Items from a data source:
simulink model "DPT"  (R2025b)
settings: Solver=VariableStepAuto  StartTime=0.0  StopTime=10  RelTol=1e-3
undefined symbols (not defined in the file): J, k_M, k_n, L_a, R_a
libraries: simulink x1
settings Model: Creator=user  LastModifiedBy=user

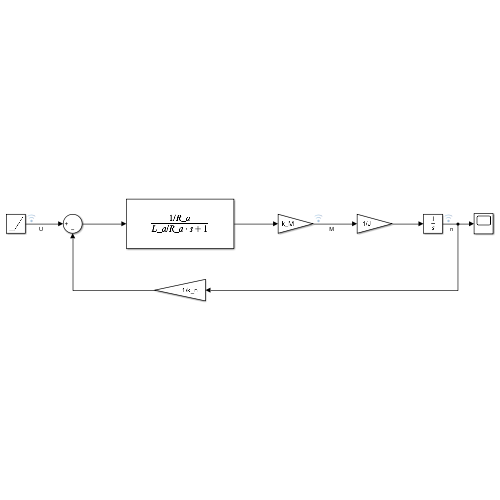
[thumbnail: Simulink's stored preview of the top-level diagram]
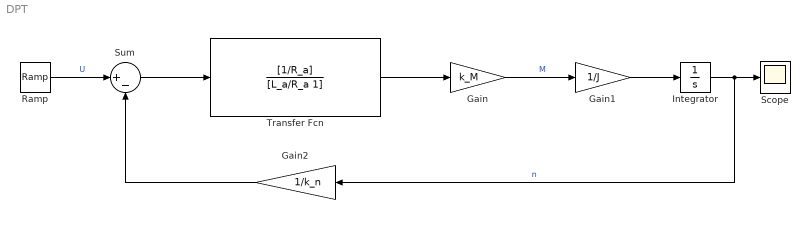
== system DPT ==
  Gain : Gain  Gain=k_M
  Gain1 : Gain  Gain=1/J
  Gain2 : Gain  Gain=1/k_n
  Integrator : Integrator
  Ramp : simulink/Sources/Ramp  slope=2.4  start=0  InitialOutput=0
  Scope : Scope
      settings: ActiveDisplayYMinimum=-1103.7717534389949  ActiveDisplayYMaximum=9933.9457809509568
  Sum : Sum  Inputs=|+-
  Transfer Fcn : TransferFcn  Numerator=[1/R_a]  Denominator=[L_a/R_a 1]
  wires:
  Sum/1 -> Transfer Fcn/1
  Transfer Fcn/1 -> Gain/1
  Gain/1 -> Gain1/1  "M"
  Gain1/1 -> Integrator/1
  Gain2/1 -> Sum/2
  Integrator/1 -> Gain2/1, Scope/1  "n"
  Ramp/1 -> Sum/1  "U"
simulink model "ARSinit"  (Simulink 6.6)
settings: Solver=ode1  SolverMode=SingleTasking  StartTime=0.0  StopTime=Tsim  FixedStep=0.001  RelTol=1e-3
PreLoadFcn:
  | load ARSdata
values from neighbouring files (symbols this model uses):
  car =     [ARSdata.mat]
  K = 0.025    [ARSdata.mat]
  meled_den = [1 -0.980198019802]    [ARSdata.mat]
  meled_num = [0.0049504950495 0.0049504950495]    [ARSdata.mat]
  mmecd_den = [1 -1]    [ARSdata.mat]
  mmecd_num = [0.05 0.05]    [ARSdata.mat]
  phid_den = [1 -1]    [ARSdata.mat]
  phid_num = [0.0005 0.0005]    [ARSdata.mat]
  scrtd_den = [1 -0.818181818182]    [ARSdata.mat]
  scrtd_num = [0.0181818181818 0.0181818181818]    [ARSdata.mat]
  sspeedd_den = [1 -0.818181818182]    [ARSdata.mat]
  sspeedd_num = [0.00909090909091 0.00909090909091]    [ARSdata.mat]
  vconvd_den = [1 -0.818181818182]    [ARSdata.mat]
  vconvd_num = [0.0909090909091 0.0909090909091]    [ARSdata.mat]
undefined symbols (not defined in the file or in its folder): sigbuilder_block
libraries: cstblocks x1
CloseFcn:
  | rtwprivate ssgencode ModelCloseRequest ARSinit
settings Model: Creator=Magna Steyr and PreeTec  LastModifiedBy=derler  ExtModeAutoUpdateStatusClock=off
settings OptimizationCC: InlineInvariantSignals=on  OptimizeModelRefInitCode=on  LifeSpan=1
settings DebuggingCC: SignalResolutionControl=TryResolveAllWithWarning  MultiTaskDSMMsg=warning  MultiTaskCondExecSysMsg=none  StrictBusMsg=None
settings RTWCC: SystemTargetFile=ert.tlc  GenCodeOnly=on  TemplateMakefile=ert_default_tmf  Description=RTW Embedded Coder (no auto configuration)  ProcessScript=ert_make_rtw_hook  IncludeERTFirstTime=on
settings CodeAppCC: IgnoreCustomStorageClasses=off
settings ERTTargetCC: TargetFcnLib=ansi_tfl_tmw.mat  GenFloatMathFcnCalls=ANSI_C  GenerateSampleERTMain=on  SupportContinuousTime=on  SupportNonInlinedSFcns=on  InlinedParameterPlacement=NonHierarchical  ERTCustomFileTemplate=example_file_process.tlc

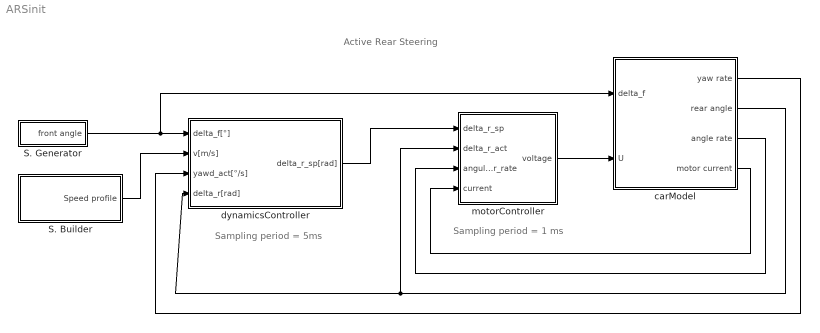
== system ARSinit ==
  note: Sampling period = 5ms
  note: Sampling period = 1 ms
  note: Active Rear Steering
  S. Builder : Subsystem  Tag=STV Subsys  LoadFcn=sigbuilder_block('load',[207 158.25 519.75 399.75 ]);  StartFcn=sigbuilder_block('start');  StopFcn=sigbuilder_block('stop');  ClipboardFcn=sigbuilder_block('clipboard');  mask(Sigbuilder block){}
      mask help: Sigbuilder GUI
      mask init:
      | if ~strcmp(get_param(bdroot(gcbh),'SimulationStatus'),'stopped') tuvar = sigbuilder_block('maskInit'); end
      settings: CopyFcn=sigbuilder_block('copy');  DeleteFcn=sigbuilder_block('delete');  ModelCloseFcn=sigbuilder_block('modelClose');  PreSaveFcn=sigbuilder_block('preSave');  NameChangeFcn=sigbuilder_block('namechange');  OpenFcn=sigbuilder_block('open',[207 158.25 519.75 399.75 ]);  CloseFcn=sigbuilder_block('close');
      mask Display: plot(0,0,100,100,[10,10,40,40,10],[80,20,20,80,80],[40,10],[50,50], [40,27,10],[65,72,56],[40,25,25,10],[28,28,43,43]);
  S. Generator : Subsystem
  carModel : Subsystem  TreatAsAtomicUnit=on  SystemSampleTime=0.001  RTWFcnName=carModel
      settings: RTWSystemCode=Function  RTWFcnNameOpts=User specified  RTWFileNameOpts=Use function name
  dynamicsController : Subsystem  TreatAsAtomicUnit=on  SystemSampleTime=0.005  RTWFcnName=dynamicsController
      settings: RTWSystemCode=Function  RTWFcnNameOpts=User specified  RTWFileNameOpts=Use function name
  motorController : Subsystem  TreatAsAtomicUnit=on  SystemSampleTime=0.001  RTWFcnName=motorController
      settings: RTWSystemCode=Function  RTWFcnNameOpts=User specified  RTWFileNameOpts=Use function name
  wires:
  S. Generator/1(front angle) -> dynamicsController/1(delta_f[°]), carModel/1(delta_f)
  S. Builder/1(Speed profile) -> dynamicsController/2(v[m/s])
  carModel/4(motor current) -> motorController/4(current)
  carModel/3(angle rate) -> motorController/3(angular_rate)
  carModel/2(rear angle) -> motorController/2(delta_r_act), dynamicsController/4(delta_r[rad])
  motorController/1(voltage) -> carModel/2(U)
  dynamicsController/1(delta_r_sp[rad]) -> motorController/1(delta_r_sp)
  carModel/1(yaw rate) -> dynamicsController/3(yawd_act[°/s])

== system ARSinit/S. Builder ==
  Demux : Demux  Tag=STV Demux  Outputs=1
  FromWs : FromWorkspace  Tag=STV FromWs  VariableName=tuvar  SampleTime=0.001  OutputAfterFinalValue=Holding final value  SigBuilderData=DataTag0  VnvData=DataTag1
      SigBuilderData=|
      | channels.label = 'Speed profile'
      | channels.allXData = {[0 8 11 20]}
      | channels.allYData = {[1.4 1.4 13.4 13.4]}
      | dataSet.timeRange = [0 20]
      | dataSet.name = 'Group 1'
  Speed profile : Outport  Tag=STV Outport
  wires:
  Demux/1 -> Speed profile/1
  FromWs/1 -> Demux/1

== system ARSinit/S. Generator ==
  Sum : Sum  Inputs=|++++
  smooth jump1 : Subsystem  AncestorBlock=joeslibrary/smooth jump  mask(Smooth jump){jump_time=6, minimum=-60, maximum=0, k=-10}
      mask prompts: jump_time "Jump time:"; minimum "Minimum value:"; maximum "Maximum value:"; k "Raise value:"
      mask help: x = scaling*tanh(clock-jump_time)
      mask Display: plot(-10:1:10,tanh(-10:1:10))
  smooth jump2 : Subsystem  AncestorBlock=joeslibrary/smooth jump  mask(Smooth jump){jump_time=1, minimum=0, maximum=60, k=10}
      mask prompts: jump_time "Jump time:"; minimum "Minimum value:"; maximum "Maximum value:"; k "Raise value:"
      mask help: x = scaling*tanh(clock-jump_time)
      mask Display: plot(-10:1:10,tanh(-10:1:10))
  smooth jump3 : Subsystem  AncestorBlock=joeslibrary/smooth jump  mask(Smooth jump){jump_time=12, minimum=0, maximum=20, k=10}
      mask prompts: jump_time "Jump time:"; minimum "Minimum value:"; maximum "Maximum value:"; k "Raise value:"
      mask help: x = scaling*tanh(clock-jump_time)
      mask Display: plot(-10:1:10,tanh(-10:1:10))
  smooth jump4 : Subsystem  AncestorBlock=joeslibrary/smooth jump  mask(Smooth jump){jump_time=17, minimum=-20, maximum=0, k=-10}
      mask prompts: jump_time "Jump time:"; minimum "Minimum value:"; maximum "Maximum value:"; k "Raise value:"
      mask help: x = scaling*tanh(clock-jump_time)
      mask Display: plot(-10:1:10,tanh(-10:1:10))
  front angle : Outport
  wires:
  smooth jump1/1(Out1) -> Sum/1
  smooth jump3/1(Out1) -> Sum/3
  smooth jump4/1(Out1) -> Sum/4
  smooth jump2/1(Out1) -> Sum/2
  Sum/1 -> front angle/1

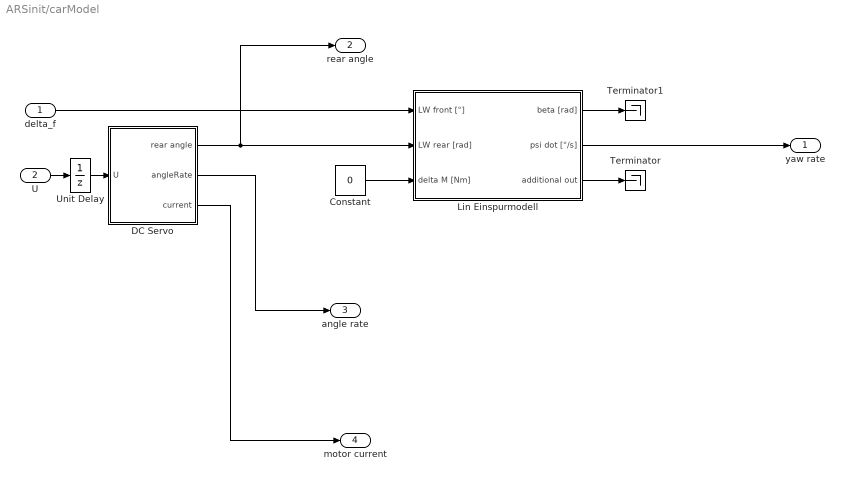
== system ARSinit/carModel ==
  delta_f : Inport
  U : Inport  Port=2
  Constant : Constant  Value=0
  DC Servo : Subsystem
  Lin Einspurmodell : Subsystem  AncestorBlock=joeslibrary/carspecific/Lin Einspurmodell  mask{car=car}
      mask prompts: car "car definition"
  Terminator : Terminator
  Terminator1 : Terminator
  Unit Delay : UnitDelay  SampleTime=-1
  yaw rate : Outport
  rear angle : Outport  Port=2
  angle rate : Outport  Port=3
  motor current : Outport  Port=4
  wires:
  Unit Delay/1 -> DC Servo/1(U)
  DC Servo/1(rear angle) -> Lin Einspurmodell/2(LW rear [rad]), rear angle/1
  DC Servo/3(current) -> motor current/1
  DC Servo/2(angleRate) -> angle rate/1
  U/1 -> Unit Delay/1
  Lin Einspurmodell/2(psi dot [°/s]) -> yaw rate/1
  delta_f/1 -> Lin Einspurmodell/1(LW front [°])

*WHAT YOU SHOULD DO*. Go back to the data above and please quote exactly, and only, the lines from the line with "DC Servo/2(angleRate) -> angle rate/1" through its last line.

*RESULT*.
  DC Servo/2(angleRate) -> angle rate/1
  U/1 -> Unit Delay/1
  Lin Einspurmodell/2(psi dot [°/s]) -> yaw rate/1
  delta_f/1 -> Lin Einspurmodell/1(LW front [°])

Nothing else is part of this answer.